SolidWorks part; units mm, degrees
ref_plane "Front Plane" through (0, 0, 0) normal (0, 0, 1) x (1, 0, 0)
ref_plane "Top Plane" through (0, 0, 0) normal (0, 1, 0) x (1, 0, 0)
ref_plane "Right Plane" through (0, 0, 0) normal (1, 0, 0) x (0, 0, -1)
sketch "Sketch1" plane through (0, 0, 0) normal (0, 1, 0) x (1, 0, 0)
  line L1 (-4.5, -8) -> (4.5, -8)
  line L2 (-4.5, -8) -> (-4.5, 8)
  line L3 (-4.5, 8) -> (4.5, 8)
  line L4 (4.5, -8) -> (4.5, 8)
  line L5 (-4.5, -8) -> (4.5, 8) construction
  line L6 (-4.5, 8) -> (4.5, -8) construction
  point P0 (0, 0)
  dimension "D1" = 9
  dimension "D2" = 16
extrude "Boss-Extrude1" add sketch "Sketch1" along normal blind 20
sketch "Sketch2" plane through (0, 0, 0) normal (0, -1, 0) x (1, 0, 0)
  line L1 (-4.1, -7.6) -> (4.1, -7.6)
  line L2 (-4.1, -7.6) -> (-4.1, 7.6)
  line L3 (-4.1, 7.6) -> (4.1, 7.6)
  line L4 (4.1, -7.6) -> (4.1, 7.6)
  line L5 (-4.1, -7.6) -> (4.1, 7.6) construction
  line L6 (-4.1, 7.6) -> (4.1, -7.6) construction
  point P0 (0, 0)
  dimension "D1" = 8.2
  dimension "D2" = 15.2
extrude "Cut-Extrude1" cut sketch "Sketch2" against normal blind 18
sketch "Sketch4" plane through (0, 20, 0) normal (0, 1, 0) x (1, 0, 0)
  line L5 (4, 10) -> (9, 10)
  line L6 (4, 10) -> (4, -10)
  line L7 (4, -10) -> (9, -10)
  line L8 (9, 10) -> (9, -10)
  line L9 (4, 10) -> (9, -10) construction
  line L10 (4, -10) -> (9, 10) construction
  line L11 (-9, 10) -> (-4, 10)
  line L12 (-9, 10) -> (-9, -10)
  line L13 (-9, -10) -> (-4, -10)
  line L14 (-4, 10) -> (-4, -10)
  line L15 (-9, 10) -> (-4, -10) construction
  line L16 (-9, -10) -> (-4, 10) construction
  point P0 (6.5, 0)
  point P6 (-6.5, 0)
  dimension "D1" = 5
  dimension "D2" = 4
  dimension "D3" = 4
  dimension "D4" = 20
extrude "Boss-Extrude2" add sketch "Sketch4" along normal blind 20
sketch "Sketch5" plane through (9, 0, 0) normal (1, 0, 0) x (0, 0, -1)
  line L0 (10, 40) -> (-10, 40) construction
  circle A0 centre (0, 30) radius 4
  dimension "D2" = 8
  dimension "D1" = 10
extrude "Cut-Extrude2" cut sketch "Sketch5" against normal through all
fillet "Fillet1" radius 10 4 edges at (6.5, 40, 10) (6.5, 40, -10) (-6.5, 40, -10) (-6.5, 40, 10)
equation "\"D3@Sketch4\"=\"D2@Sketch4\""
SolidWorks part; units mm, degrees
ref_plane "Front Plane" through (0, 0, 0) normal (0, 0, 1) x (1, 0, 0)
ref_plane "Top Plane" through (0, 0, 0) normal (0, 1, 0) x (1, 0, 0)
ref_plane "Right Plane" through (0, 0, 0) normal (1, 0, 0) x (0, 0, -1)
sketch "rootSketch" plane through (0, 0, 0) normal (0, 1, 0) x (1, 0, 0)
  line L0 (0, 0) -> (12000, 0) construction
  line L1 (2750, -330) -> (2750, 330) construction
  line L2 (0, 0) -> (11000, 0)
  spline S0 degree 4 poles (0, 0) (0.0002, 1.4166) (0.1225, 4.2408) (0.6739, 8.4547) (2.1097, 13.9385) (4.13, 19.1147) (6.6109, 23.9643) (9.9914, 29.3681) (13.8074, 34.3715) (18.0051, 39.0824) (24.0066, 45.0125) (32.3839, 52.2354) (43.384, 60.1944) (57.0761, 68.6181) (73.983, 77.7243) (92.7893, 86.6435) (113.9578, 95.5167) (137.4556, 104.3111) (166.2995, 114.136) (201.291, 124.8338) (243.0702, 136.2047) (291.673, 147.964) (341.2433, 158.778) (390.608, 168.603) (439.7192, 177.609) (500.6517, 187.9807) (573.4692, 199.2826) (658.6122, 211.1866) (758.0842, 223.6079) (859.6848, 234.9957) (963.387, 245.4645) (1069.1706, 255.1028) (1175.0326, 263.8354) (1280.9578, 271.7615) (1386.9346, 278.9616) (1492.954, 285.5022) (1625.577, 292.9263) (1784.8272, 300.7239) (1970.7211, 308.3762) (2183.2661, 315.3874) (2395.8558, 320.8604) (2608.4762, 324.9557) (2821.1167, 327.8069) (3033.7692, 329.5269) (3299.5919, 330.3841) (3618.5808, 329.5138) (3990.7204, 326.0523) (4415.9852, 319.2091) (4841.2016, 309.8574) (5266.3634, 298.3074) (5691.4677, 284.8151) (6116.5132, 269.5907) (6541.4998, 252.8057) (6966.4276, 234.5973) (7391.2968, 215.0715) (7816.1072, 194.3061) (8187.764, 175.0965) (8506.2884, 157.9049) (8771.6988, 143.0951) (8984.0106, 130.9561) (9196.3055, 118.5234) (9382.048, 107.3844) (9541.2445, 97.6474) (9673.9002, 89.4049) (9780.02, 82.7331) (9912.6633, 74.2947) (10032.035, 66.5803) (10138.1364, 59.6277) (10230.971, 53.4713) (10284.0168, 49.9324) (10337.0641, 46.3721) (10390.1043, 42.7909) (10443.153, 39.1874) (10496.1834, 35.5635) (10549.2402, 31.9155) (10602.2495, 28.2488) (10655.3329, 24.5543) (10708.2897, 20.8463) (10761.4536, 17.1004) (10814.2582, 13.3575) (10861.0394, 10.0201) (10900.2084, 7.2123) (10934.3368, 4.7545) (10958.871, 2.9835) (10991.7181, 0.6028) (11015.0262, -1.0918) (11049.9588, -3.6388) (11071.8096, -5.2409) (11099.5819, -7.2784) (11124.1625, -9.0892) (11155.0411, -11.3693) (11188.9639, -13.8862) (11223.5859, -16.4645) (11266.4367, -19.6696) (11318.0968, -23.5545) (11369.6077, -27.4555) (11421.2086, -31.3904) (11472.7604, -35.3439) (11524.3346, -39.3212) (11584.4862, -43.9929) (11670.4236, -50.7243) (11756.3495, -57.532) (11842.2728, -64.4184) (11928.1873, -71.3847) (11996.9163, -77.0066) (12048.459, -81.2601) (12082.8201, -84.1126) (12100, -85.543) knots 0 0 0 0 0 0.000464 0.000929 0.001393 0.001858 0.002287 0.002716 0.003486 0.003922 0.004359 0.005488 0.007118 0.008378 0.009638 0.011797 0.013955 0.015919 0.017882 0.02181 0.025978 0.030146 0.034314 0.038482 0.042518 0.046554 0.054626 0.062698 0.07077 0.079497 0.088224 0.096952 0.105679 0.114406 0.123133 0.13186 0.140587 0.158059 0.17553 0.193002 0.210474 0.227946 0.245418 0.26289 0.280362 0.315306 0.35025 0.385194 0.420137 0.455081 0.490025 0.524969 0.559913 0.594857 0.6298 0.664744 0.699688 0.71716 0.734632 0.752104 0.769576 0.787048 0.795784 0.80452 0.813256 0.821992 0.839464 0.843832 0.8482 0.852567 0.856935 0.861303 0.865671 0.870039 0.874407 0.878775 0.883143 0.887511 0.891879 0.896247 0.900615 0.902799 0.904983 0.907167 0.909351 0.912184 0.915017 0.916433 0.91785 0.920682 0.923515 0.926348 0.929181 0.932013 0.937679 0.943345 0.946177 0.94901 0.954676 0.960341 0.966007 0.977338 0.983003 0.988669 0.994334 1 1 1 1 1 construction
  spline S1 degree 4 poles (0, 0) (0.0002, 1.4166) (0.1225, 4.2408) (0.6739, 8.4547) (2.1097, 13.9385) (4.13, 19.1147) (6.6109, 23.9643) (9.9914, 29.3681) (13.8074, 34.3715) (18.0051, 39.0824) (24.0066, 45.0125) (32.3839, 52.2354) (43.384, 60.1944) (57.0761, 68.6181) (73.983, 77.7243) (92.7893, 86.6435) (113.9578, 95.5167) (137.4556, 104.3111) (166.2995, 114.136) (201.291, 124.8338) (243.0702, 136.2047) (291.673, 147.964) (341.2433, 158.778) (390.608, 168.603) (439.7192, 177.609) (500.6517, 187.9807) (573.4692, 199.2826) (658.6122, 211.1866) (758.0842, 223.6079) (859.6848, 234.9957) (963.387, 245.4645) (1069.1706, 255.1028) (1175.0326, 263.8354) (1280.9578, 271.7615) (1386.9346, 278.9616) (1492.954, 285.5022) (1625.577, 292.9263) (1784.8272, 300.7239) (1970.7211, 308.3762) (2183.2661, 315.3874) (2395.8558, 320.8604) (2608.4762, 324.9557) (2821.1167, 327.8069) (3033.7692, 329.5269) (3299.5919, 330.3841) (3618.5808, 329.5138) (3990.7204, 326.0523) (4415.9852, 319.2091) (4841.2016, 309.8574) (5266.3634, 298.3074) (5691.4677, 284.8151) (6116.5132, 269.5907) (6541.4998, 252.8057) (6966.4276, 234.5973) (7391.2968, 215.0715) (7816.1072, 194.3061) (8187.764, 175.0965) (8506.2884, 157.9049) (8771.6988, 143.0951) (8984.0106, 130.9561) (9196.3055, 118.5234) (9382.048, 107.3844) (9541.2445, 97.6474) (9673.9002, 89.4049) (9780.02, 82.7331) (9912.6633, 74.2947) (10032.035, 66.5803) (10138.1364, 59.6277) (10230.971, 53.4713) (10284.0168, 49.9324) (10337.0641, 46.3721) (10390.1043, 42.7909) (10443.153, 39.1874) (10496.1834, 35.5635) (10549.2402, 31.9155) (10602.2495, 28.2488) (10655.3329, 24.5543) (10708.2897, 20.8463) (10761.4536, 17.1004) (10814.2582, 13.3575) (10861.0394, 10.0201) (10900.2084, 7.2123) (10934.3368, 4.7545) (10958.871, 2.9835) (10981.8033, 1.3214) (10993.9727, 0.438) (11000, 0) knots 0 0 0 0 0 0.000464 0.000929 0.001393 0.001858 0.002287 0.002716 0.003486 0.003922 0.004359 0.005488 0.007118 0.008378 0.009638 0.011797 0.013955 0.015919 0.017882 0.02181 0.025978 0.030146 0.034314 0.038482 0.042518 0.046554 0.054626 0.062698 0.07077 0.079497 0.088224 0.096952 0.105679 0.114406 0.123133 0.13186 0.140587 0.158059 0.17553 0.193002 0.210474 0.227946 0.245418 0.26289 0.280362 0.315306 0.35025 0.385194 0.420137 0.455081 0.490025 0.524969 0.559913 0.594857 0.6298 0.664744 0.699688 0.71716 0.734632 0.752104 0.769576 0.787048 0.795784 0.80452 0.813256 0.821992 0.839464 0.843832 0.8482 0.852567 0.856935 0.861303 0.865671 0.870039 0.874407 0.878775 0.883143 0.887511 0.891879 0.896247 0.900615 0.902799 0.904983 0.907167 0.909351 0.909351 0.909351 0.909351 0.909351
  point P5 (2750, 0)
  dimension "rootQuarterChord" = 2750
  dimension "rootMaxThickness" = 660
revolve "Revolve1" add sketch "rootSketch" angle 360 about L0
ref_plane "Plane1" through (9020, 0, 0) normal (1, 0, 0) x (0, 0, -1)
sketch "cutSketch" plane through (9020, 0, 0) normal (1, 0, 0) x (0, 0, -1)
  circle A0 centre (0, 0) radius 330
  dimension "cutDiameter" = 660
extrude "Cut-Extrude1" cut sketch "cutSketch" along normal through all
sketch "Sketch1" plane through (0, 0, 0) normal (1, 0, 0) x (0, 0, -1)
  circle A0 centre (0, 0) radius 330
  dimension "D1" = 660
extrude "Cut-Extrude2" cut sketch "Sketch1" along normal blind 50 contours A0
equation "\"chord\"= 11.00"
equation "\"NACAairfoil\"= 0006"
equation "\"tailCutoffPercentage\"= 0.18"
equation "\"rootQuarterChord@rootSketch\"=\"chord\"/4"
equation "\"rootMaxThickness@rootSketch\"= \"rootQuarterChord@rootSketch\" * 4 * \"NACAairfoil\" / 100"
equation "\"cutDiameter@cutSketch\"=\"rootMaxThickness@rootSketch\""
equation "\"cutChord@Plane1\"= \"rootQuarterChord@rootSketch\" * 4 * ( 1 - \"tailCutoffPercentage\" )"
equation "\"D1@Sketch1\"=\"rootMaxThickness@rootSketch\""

==*==

Take every line from the listing above that includes the word "equation" and copy it.

equation "\"D3@Sketch4\"=\"D2@Sketch4\""
equation "\"chord\"= 11.00"
equation "\"NACAairfoil\"= 0006"
equation "\"tailCutoffPercentage\"= 0.18"
equation "\"rootQuarterChord@rootSketch\"=\"chord\"/4"
equation "\"rootMaxThickness@rootSketch\"= \"rootQuarterChord@rootSketch\" * 4 * \"NACAairfoil\" / 100"
equation "\"cutDiameter@cutSketch\"=\"rootMaxThickness@rootSketch\""
equation "\"cutChord@Plane1\"= \"rootQuarterChord@rootSketch\" * 4 * ( 1 - \"tailCutoffPercentage\" )"
equation "\"D1@Sketch1\"=\"rootMaxThickness@rootSketch\""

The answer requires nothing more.